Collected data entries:
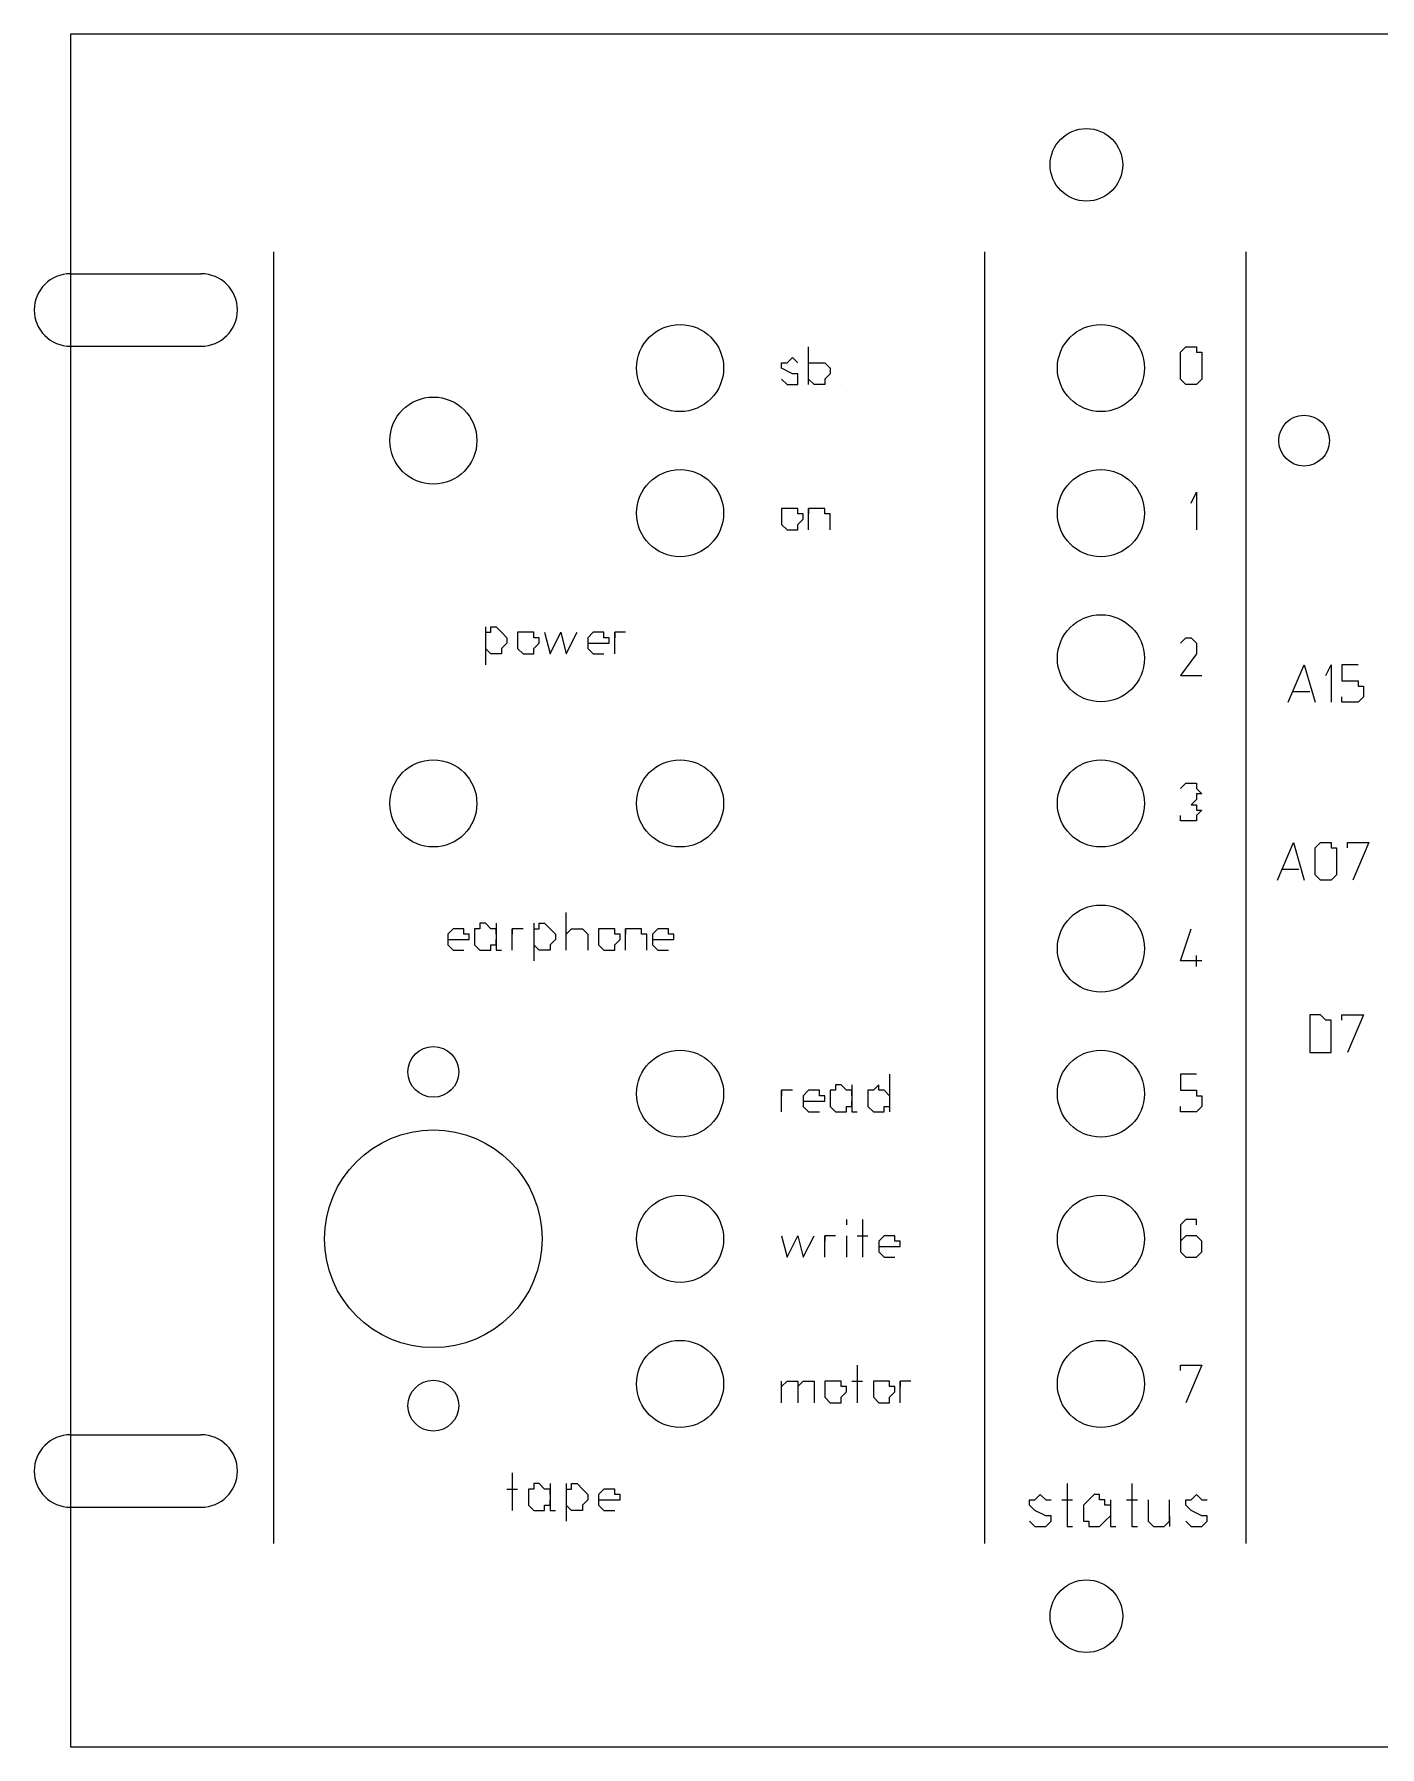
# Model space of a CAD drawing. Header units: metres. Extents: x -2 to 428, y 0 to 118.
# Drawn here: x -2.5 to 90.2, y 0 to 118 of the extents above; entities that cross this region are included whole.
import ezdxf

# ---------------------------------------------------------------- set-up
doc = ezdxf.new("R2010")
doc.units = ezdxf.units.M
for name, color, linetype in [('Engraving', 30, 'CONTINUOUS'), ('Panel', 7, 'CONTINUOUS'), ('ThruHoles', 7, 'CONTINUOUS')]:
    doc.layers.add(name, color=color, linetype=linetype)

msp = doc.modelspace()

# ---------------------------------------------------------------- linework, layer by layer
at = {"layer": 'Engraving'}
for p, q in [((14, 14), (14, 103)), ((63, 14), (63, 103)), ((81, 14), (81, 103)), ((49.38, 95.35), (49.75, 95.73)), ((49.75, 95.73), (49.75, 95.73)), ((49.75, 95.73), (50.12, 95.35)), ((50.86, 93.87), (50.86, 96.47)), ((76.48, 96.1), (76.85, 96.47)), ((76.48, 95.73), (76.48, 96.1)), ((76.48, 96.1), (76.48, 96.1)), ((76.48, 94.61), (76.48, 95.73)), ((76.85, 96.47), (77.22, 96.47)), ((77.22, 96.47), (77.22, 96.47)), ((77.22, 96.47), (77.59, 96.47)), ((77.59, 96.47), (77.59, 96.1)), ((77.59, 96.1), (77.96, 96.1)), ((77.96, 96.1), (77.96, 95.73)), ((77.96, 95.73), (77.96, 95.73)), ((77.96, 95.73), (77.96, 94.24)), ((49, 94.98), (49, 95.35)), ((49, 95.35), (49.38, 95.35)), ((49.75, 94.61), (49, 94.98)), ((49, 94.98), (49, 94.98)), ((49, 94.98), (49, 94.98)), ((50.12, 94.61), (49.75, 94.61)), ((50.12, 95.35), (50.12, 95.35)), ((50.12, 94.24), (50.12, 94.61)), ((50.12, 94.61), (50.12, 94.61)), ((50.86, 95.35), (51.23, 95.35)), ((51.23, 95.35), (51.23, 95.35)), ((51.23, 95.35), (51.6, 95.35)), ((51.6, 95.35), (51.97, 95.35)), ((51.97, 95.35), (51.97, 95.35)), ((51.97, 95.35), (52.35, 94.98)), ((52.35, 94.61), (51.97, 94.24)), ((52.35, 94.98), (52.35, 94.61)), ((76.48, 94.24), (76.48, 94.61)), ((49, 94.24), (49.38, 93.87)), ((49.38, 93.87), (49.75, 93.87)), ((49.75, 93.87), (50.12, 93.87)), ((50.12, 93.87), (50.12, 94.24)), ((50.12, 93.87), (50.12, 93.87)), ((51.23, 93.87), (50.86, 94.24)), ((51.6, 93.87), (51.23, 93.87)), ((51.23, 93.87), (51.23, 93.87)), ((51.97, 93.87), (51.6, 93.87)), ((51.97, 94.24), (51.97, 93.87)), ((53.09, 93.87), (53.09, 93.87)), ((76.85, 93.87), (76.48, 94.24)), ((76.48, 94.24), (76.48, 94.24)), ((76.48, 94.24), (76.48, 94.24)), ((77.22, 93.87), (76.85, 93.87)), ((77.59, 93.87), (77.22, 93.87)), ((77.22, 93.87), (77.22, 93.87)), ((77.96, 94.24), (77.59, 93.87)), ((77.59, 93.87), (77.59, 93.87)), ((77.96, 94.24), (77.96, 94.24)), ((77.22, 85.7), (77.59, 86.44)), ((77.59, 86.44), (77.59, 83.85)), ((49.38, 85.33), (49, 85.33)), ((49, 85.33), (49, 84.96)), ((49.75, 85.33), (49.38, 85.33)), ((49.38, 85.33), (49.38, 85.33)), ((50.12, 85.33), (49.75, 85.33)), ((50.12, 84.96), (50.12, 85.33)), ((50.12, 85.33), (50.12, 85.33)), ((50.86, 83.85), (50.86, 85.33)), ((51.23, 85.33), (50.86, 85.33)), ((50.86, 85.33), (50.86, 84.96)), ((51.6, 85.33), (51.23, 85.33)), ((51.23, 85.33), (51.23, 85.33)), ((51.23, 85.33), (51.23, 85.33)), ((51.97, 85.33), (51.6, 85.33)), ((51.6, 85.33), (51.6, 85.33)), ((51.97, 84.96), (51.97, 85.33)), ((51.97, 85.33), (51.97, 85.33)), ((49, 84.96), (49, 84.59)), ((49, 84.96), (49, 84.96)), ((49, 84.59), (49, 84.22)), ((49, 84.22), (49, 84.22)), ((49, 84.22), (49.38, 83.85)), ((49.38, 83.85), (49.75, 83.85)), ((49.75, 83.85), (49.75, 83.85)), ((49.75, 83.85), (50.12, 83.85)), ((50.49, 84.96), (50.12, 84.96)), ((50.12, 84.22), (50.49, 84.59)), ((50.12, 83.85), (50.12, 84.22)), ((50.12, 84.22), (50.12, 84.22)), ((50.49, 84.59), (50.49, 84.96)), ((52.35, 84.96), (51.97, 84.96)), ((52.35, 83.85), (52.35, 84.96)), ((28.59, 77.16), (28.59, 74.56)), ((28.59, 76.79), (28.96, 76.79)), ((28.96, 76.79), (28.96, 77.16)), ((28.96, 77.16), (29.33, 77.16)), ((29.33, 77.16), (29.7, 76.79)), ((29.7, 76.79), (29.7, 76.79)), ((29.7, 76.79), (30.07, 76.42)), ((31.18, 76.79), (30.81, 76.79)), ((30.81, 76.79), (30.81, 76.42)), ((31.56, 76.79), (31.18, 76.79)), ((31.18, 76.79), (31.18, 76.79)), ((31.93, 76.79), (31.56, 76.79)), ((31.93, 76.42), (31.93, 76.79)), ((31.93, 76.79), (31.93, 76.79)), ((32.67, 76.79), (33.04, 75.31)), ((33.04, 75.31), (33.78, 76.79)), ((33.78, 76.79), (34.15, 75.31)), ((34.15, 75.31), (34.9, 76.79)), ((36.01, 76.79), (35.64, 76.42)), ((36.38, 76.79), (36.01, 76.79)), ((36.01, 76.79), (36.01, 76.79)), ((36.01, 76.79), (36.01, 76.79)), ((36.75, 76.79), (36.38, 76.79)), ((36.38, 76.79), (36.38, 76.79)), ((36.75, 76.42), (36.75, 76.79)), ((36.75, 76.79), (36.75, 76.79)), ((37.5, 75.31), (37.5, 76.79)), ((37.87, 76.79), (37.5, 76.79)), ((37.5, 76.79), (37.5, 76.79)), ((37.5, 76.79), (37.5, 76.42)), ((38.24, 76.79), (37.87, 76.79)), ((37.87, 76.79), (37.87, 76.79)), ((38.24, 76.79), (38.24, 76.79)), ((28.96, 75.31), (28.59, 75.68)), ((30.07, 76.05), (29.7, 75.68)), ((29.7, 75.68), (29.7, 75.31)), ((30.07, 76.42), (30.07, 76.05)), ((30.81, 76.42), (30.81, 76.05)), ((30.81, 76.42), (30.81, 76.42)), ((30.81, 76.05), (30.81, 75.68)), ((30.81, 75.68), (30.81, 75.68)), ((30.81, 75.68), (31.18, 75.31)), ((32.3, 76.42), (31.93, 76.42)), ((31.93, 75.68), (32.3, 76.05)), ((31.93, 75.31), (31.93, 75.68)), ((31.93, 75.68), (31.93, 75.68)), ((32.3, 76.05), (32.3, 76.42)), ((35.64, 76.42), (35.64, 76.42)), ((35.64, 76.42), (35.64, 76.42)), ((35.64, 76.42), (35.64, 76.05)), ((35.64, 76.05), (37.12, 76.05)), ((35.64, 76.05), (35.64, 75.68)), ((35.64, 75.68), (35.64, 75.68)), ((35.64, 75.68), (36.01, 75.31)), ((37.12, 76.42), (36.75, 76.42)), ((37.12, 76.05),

## EXERCISE DESCRIPTION
Exact repeat, pictures omitted: give every line from the top of the records down to and including the line with "for name, color, linetype".

## SOLUTION TO THIS TASK
# Model space of a CAD drawing. Header units: metres. Extents: x -2 to 428, y 0 to 118.
# Drawn here: x -2.5 to 90.2, y 0 to 118 of the extents above; entities that cross this region are included whole.
import ezdxf

# ---------------------------------------------------------------- set-up
doc = ezdxf.new("R2010")
doc.units = ezdxf.units.M
for name, color, linetype in [('Engraving', 30, 'CONTINUOUS'), ('Panel', 7, 'CONTINUOUS'), ('ThruHoles', 7, 'CONTINUOUS')]:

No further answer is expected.